[MATERIAL SHOWN — start]

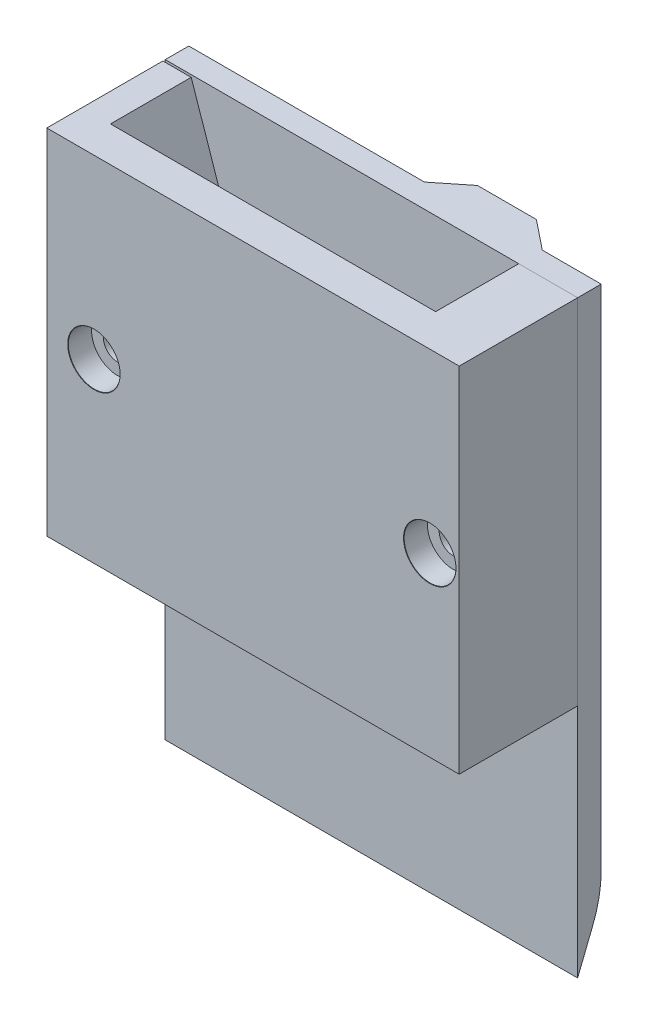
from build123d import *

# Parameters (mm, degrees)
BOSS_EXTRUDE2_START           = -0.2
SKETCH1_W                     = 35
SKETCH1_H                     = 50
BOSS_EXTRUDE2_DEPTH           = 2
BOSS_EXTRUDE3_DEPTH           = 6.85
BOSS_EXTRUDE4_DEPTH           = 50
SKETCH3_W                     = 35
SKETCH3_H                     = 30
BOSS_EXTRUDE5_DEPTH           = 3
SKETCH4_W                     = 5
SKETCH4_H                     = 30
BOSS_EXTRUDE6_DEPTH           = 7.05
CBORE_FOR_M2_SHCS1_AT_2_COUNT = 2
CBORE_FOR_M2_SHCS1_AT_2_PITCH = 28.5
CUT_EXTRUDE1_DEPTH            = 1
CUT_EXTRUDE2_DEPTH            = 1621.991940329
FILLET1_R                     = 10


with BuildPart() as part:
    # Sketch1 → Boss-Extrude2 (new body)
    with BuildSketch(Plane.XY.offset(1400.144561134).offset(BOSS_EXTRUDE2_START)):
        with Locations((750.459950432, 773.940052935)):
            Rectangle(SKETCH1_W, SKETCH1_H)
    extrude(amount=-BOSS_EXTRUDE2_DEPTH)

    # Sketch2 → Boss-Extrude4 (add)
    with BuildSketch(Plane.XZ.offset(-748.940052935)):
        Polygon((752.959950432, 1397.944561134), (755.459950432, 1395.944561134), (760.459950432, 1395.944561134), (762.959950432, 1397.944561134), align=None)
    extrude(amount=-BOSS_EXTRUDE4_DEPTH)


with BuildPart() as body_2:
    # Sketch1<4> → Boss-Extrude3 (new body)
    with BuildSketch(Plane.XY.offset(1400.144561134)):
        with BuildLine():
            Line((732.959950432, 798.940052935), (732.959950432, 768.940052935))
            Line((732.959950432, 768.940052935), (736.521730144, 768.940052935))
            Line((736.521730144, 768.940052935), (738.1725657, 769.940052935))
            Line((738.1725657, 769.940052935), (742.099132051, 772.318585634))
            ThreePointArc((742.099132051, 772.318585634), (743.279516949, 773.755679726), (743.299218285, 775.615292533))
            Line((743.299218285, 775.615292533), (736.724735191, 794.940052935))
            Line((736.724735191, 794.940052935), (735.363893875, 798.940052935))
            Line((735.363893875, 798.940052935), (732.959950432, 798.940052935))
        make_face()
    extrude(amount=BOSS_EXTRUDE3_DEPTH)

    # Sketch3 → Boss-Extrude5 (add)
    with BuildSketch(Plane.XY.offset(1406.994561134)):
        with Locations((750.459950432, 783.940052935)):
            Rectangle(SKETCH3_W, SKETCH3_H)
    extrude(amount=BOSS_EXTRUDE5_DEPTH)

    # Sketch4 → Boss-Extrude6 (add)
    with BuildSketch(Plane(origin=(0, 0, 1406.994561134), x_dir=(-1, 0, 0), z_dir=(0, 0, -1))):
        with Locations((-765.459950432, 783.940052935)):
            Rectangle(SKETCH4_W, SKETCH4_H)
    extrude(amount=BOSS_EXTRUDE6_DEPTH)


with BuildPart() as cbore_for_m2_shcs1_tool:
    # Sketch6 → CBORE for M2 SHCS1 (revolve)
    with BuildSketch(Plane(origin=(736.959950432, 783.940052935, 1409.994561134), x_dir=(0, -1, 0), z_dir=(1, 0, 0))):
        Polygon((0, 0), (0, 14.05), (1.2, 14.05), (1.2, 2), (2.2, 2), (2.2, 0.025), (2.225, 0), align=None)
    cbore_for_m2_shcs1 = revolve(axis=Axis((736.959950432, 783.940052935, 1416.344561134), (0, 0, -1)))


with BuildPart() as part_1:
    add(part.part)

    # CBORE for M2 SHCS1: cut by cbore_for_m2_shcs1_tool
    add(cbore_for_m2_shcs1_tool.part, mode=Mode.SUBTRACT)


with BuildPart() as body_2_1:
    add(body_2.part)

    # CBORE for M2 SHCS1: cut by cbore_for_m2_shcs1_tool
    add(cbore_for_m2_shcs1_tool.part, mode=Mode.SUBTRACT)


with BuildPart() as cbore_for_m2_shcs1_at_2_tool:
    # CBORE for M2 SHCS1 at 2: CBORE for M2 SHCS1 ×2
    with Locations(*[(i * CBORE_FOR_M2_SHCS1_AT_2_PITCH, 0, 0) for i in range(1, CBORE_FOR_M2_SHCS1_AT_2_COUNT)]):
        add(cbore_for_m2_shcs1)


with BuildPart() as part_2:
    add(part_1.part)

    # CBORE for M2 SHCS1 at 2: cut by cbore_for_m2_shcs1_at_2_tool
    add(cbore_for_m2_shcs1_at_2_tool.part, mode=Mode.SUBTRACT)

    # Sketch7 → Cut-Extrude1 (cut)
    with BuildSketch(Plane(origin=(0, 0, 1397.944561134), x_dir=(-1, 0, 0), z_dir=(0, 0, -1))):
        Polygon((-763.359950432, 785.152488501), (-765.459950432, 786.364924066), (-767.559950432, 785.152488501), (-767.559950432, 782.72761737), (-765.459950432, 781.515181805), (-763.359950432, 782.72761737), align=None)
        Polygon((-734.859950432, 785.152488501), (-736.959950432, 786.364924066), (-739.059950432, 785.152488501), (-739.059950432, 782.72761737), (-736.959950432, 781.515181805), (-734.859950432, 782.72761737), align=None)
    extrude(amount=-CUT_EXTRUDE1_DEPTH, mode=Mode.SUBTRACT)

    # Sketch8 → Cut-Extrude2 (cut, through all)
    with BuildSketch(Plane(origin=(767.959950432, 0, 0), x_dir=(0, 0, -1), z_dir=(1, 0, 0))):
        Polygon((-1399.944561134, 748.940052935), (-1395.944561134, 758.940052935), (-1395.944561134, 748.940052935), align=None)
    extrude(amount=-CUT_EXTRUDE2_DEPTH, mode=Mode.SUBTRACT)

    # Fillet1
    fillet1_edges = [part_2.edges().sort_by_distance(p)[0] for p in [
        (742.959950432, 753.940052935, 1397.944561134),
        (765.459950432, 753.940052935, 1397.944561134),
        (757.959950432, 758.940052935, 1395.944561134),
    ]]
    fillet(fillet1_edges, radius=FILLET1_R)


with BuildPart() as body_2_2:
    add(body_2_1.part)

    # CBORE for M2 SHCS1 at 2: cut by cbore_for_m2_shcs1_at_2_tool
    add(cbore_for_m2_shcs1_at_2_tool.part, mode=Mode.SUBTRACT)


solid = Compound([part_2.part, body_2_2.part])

[MATERIAL SHOWN — finish]

:: YOUR GOAL ::
Give the entries again exactly, but skip every image.

:: TASK SOLUTION ::
from build123d import *

# Parameters (mm, degrees)
BOSS_EXTRUDE2_START           = -0.2
SKETCH1_W                     = 35
SKETCH1_H                     = 50
BOSS_EXTRUDE2_DEPTH           = 2
BOSS_EXTRUDE3_DEPTH           = 6.85
BOSS_EXTRUDE4_DEPTH           = 50
SKETCH3_W                     = 35
SKETCH3_H                     = 30
BOSS_EXTRUDE5_DEPTH           = 3
SKETCH4_W                     = 5
SKETCH4_H                     = 30
BOSS_EXTRUDE6_DEPTH           = 7.05
CBORE_FOR_M2_SHCS1_AT_2_COUNT = 2
CBORE_FOR_M2_SHCS1_AT_2_PITCH = 28.5
CUT_EXTRUDE1_DEPTH            = 1
CUT_EXTRUDE2_DEPTH            = 1621.991940329
FILLET1_R                     = 10


with BuildPart() as part:
    # Sketch1 → Boss-Extrude2 (new body)
    with BuildSketch(Plane.XY.offset(1400.144561134).offset(BOSS_EXTRUDE2_START)):
        with Locations((750.459950432, 773.940052935)):
            Rectangle(SKETCH1_W, SKETCH1_H)
    extrude(amount=-BOSS_EXTRUDE2_DEPTH)

    # Sketch2 → Boss-Extrude4 (add)
    with BuildSketch(Plane.XZ.offset(-748.940052935)):
        Polygon((752.959950432, 1397.944561134), (755.459950432, 1395.944561134), (760.459950432, 1395.944561134), (762.959950432, 1397.944561134), align=None)
    extrude(amount=-BOSS_EXTRUDE4_DEPTH)


with BuildPart() as body_2:
    # Sketch1<4> → Boss-Extrude3 (new body)
    with BuildSketch(Plane.XY.offset(1400.144561134)):
        with BuildLine():
            Line((732.959950432, 798.940052935), (732.959950432, 768.940052935))
            Line((732.959950432, 768.940052935), (736.521730144, 768.940052935))
            Line((736.521730144, 768.940052935), (738.1725657, 769.940052935))
            Line((738.1725657, 769.940052935), (742.099132051, 772.318585634))
            ThreePointArc((742.099132051, 772.318585634), (743.279516949, 773.755679726), (743.299218285, 775.615292533))
            Line((743.299218285, 775.615292533), (736.724735191, 794.940052935))
            Line((736.724735191, 794.940052935), (735.363893875, 798.940052935))
            Line((735.363893875, 798.940052935), (732.959950432, 798.940052935))
        make_face()
    extrude(amount=BOSS_EXTRUDE3_DEPTH)

    # Sketch3 → Boss-Extrude5 (add)
    with BuildSketch(Plane.XY.offset(1406.994561134)):
        with Locations((750.459950432, 783.940052935)):
            Rectangle(SKETCH3_W, SKETCH3_H)
    extrude(amount=BOSS_EXTRUDE5_DEPTH)

    # Sketch4 → Boss-Extrude6 (add)
    with BuildSketch(Plane(origin=(0, 0, 1406.994561134), x_dir=(-1, 0, 0), z_dir=(0, 0, -1))):
        with Locations((-765.459950432, 783.940052935)):
            Rectangle(SKETCH4_W, SKETCH4_H)
    extrude(amount=BOSS_EXTRUDE6_DEPTH)


with BuildPart() as cbore_for_m2_shcs1_tool:
    # Sketch6 → CBORE for M2 SHCS1 (revolve)
    with BuildSketch(Plane(origin=(736.959950432, 783.940052935, 1409.994561134), x_dir=(0, -1, 0), z_dir=(1, 0, 0))):
        Polygon((0, 0), (0, 14.05), (1.2, 14.05), (1.2, 2), (2.2, 2), (2.2, 0.025), (2.225, 0), align=None)
    cbore_for_m2_shcs1 = revolve(axis=Axis((736.959950432, 783.940052935, 1416.344561134), (0, 0, -1)))


with BuildPart() as part_1:
    add(part.part)

    # CBORE for M2 SHCS1: cut by cbore_for_m2_shcs1_tool
    add(cbore_for_m2_shcs1_tool.part, mode=Mode.SUBTRACT)


with BuildPart() as body_2_1:
    add(body_2.part)

    # CBORE for M2 SHCS1: cut by cbore_for_m2_shcs1_tool
    add(cbore_for_m2_shcs1_tool.part, mode=Mode.SUBTRACT)


with BuildPart() as cbore_for_m2_shcs1_at_2_tool:
    # CBORE for M2 SHCS1 at 2: CBORE for M2 SHCS1 ×2
    with Locations(*[(i * CBORE_FOR_M2_SHCS1_AT_2_PITCH, 0, 0) for i in range(1, CBORE_FOR_M2_SHCS1_AT_2_COUNT)]):
        add(cbore_for_m2_shcs1)


with BuildPart() as part_2:
    add(part_1.part)

    # CBORE for M2 SHCS1 at 2: cut by cbore_for_m2_shcs1_at_2_tool
    add(cbore_for_m2_shcs1_at_2_tool.part, mode=Mode.SUBTRACT)

    # Sketch7 → Cut-Extrude1 (cut)
    with BuildSketch(Plane(origin=(0, 0, 1397.944561134), x_dir=(-1, 0, 0), z_dir=(0, 0, -1))):
        Polygon((-763.359950432, 785.152488501), (-765.459950432, 786.364924066), (-767.559950432, 785.152488501), (-767.559950432, 782.72761737), (-765.459950432, 781.515181805), (-763.359950432, 782.72761737), align=None)
        Polygon((-734.859950432, 785.152488501), (-736.959950432, 786.364924066), (-739.059950432, 785.152488501), (-739.059950432, 782.72761737), (-736.959950432, 781.515181805), (-734.859950432, 782.72761737), align=None)
    extrude(amount=-CUT_EXTRUDE1_DEPTH, mode=Mode.SUBTRACT)

    # Sketch8 → Cut-Extrude2 (cut, through all)
    with BuildSketch(Plane(origin=(767.959950432, 0, 0), x_dir=(0, 0, -1), z_dir=(1, 0, 0))):
        Polygon((-1399.944561134, 748.940052935), (-1395.944561134, 758.940052935), (-1395.944561134, 748.940052935), align=None)
    extrude(amount=-CUT_EXTRUDE2_DEPTH, mode=Mode.SUBTRACT)

    # Fillet1
    fillet1_edges = [part_2.edges().sort_by_distance(p)[0] for p in [
        (742.959950432, 753.940052935, 1397.944561134),
        (765.459950432, 753.940052935, 1397.944561134),
        (757.959950432, 758.940052935, 1395.944561134),
    ]]
    fillet(fillet1_edges, radius=FILLET1_R)


with BuildPart() as body_2_2:
    add(body_2_1.part)

    # CBORE for M2 SHCS1 at 2: cut by cbore_for_m2_shcs1_at_2_tool
    add(cbore_for_m2_shcs1_at_2_tool.part, mode=Mode.SUBTRACT)


solid = Compound([part_2.part, body_2_2.part])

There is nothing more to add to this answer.